Con Sam’s Town, il secondo album, il mio entusiasmo si era già molto affievolito – rileggendo adesso la tracklist, mi rendo conto di non essere in grado di accennare nessuna delle canzoni che non fossero uscite come singoli – nonostante avessero iniziato a collaborare con Anton Corbijn per i visual (sui cui videoclip per i Depeche Mode avevo appena scritto la mia tesi di laurea). Non saprei dire il motivo di questo disinteresse, non c’è una causa scatenante. Semplicemente, certe cose si perdono nella vita di tutti i giorni, e per un bel po’ di anni ho smesso di considerare Brandon Flower e soci rilevanti per la mia esistenza.
Ma “When You Were Young” aveva qualcosa di diverso. La storia che racconta, quella terzina He doesn't look a thing like Jesus/ But he talks like a gentlemen/ Like you imagined when you were young che ai tempi non sapevo spiegare ma che avevo capito che in qualche modo riverberasse con me, è rimasta lì, per tutto questo tempo, silenziosa, senza mai abbandonare i meandri della mia mente profonda.

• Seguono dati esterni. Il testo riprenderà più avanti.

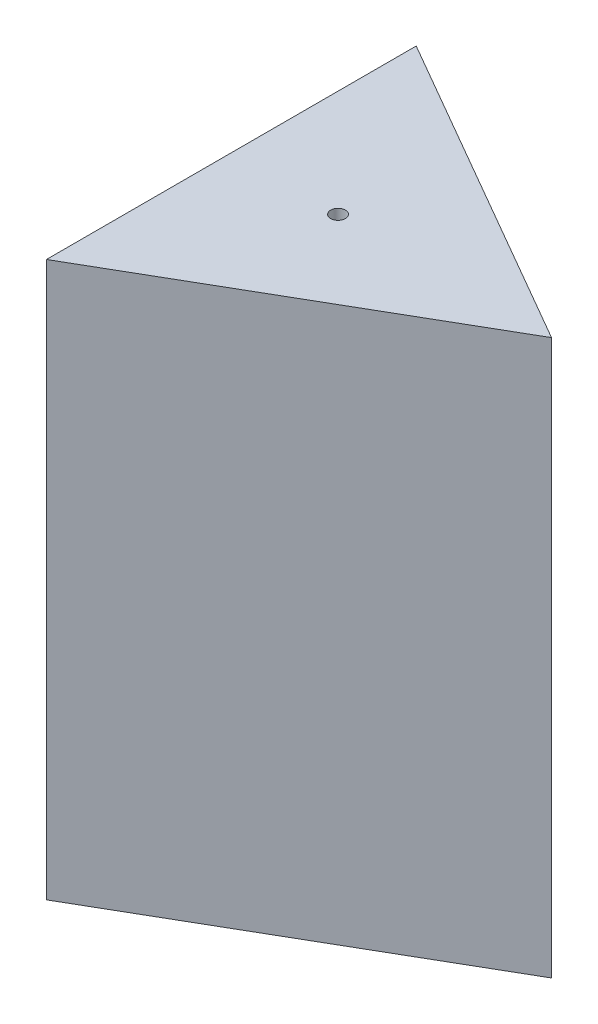
from build123d import *

# Parameters (mm, degrees)
BOSS_EXTRUDE2_DEPTH = 300
SKETCH3_R           = 4
CUT_EXTRUDE2_DEPTH  = 300


with BuildPart() as part:
    # Sketch1 → Boss-Extrude2 (new body)
    with BuildSketch(Plane(origin=(0, 0, 0), x_dir=(1, 0, 0), z_dir=(0, 1, 0))):
        Polygon((115.470053838, 0), (-57.735026919, 100), (-57.735026919, -100), align=None)
    extrude(amount=BOSS_EXTRUDE2_DEPTH)

    # Sketch3 → Cut-Extrude2 (cut)
    with BuildSketch(Plane.XZ):
        with Locations(Location((0, 0, 0), (0, 0, 270))):
            Circle(SKETCH3_R)
    extrude(amount=-CUT_EXTRUDE2_DEPTH, mode=Mode.SUBTRACT)


solid = part.part

In fondo, sapevo che quel Waiting on some beautiful boy to/ To save you from your old ways era quello che avevo sempre sperato succedesse.
Finché un giorno qualunque, subito dopo Natale, mentre spingevo il passeggino nel reparto casalinghi dell’unico negozio in cui ho messo piede negli ultimi mesi, tutta la mia vita precedente si è riaperta sulle note di una chitarra che aspettava una voce che pronunciasse Coming out of my cage/ And I've been doing just fine – rincarando la dose con “Cosa mi manchi a fare” di Calcutta messa in coda.
Finché non ho premuto play un pomeriggio, da sola, alla fine dell’anno più assurdo e sconvolgente di tutta la mia vita, che è passato apparentemente senza lasciare segni tangibili – non come le rotture che hanno impresso a fuoco il loro trauma sulla mia pelle, ma come il Colorado River che con la costanza di milioni di anni è riuscito a scavare il Grand Canyon.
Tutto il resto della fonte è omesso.